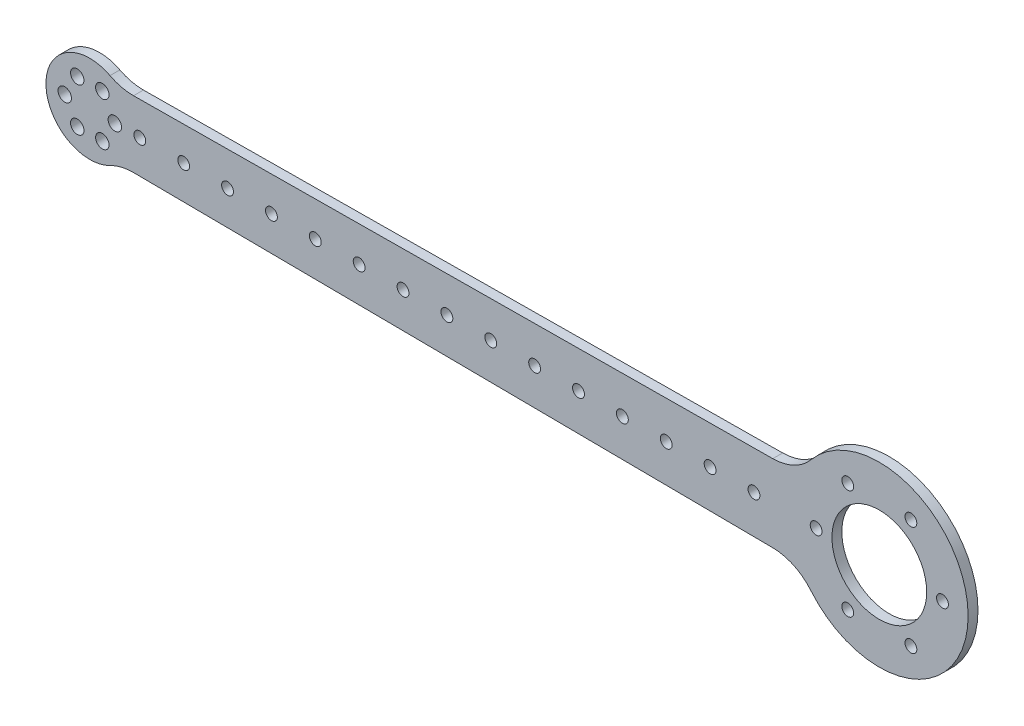
from build123d import *

# Parameters (mm, degrees)
BOSS_EXTRUDE1_DEPTH      = 1.25000004
FILLET1_R                = 12.7
BOSS_EXTRUDE2_DEPTH      = 1.25000004
SKETCH3_R                = 12
CUT_EXTRUDE1_DEPTH       = 2.25000004
CUT_EXTRUDE1_DEPTH_BACK  = 2.25000004
SKETCH5_R                = 1.500000048
CUT_EXTRUDE2_DEPTH       = 2.25000004
CIRPATTERN1_COUNT        = 6
SKETCH6_R                = 1.500000048
CUT_EXTRUDE3_DEPTH       = 1
CUT_EXTRUDE3_DEPTH_BACK  = 3.50000008
M3_CLEARANCE_HOLE1_D     = 3.4
M3_CLEARANCE_HOLE1_DEPTH = 2.50100008
CIRPATTERN3_COUNT        = 6


with BuildPart() as part:
    # Sketch1 → Boss-Extrude1 (new body, symmetric)
    with BuildSketch(Plane.XY):
        with BuildLine():
            Line((-92.723443504, 8.398772615), (79.761952414, 9.832162885))
            ThreePointArc((79.761952414, 9.832162885), (122.499999983, 0), (79.761952414, -9.832162885))
            Line((79.761952414, -9.832162885), (-92.723443504, -8.398772615))
            ThreePointArc((-92.723443504, -8.398772615), (-111.112500025, 0), (-92.723443504, 8.398772615))
        make_face()
        with BuildLine():
            Line((-88.989202767, 1.5), (77.685740638, 2.885104175))
            ThreePointArc((77.685740638, 2.885104175), (77.500000067, 0), (77.685740638, -2.885104175))
            Line((77.685740638, -2.885104175), (-88.989202767, -1.5))
            Line((-88.989202767, -1.5), (-88.989202767, 1.5))
        make_face(mode=Mode.SUBTRACT)
    extrude(amount=BOSS_EXTRUDE1_DEPTH, both=True)

    # Fillet1
    fillet1_edges = [part.edges().sort_by_distance(p)[0] for p in [
        (-92.723443504, 8.398772615, 0),
        (79.761952414, 9.832162885, 0),
        (79.761952414, -9.832162885, 0),
        (-92.723443504, -8.398772615, 0),
    ]]
    fillet(fillet1_edges, radius=FILLET1_R)

    # Sketch2 → Boss-Extrude2 (add, symmetric)
    with BuildSketch(Plane.XY):
        with BuildLine():
            Line((-88.989202767, 1.5), (-88.989202767, -1.5))
            Line((-88.989202767, -1.5), (77.685740638, -2.885104175))
            ThreePointArc((77.685740638, -2.885104175), (77.500000067, 0), (77.685740638, 2.885104175))
            Line((77.685740638, 2.885104175), (-88.989202767, 1.5))
        make_face()
    extrude(amount=BOSS_EXTRUDE2_DEPTH, both=True)

    # Sketch3 → Cut-Extrude1 (cut, two sides)
    with BuildSketch(Plane.XY) as cut_extrude1_sk:
        with Locations((100.000000025, 0)):
            Circle(SKETCH3_R)
    extrude(amount=CUT_EXTRUDE1_DEPTH, mode=Mode.SUBTRACT)
    extrude(cut_extrude1_sk.sketch, amount=-CUT_EXTRUDE1_DEPTH_BACK, mode=Mode.SUBTRACT)

    # Sketch5 → Cut-Extrude2 (cut, symmetric)
    with BuildSketch(Plane.XY):
        with Locations((116.000000029, 0)):
            Circle(SKETCH5_R)
    cut_extrude2 = extrude(amount=CUT_EXTRUDE2_DEPTH, both=True, mode=Mode.SUBTRACT)

    # CirPattern1: Cut-Extrude2 ×6 about axis
    cirpattern1_axis = Axis((100.000000025, 0, 0), (0, 0, 1))
    for i in range(1, CIRPATTERN1_COUNT):
        add(cut_extrude2.rotate(cirpattern1_axis, i * 360 / CIRPATTERN1_COUNT), mode=Mode.SUBTRACT)

    # Sketch6 → Cut-Extrude3 (cut, two sides)
    with BuildSketch(Plane.XY.offset(1.25000004)) as cut_extrude3_sk:
        with Locations((68.250000025, 0)):
            Circle(SKETCH6_R)
        with Locations((57.137500025, 0)):
            Circle(SKETCH6_R)
        with Locations((46.025000025, 0)):
            Circle(SKETCH6_R)
        with Locations((34.912500025, 0)):
            Circle(SKETCH6_R)
        with Locations((23.800000025, 0)):
            Circle(SKETCH6_R)
        with Locations((12.687500025, 0)):
            Circle(SKETCH6_R)
        with Locations((1.575000025, 0)):
            Circle(SKETCH6_R)
        with Locations((-9.537499975, 0)):
            Circle(SKETCH6_R)
        with Locations((-20.649999975, 0)):
            Circle(SKETCH6_R)
        with Locations((-31.762499975, 0)):
            Circle(SKETCH6_R)
        with Locations((-42.874999975, 0)):
            Circle(SKETCH6_R)
        with Locations((-53.987499975, 0)):
            Circle(SKETCH6_R)
        with Locations((-65.099999975, 0)):
            Circle(SKETCH6_R)
        with Locations((-76.212499975, 0)):
            Circle(SKETCH6_R)
        with Locations((-87.324999975, 0)):
            Circle(SKETCH6_R)
    extrude(amount=CUT_EXTRUDE3_DEPTH, mode=Mode.SUBTRACT)
    extrude(cut_extrude3_sk.sketch, amount=-CUT_EXTRUDE3_DEPTH_BACK, mode=Mode.SUBTRACT)

    # M3 Clearance Hole1
    with Locations(Plane(origin=(0, 0, -1.25000004), x_dir=(-1, 0, 0), z_dir=(0, 0, -1))):
        with Locations((93.650000025, 0)):
            m3_clearance_hole1 = Hole(M3_CLEARANCE_HOLE1_D / 2, depth=M3_CLEARANCE_HOLE1_DEPTH)

    # CirPattern3: M3 Clearance Hole1 ×6 about axis
    cirpattern3_axis = Axis((-100.000000025, 0, 0), (0, 0, 1))
    for i in range(1, CIRPATTERN3_COUNT):
        add(m3_clearance_hole1.rotate(cirpattern3_axis, i * 360 / CIRPATTERN3_COUNT), mode=Mode.SUBTRACT)


solid = part.part
--- --- ---
After locating the line with "with BuildSketch(Plane.XY) as" above, return that line and every later line through the one with "# Sketch5 → Cut-Extrude2 (cut, symmetric)", word for word and with nothing else.

# Answer area
    with BuildSketch(Plane.XY) as cut_extrude1_sk:
        with Locations((100.000000025, 0)):
            Circle(SKETCH3_R)
    extrude(amount=CUT_EXTRUDE1_DEPTH, mode=Mode.SUBTRACT)
    extrude(cut_extrude1_sk.sketch, amount=-CUT_EXTRUDE1_DEPTH_BACK, mode=Mode.SUBTRACT)

    # Sketch5 → Cut-Extrude2 (cut, symmetric)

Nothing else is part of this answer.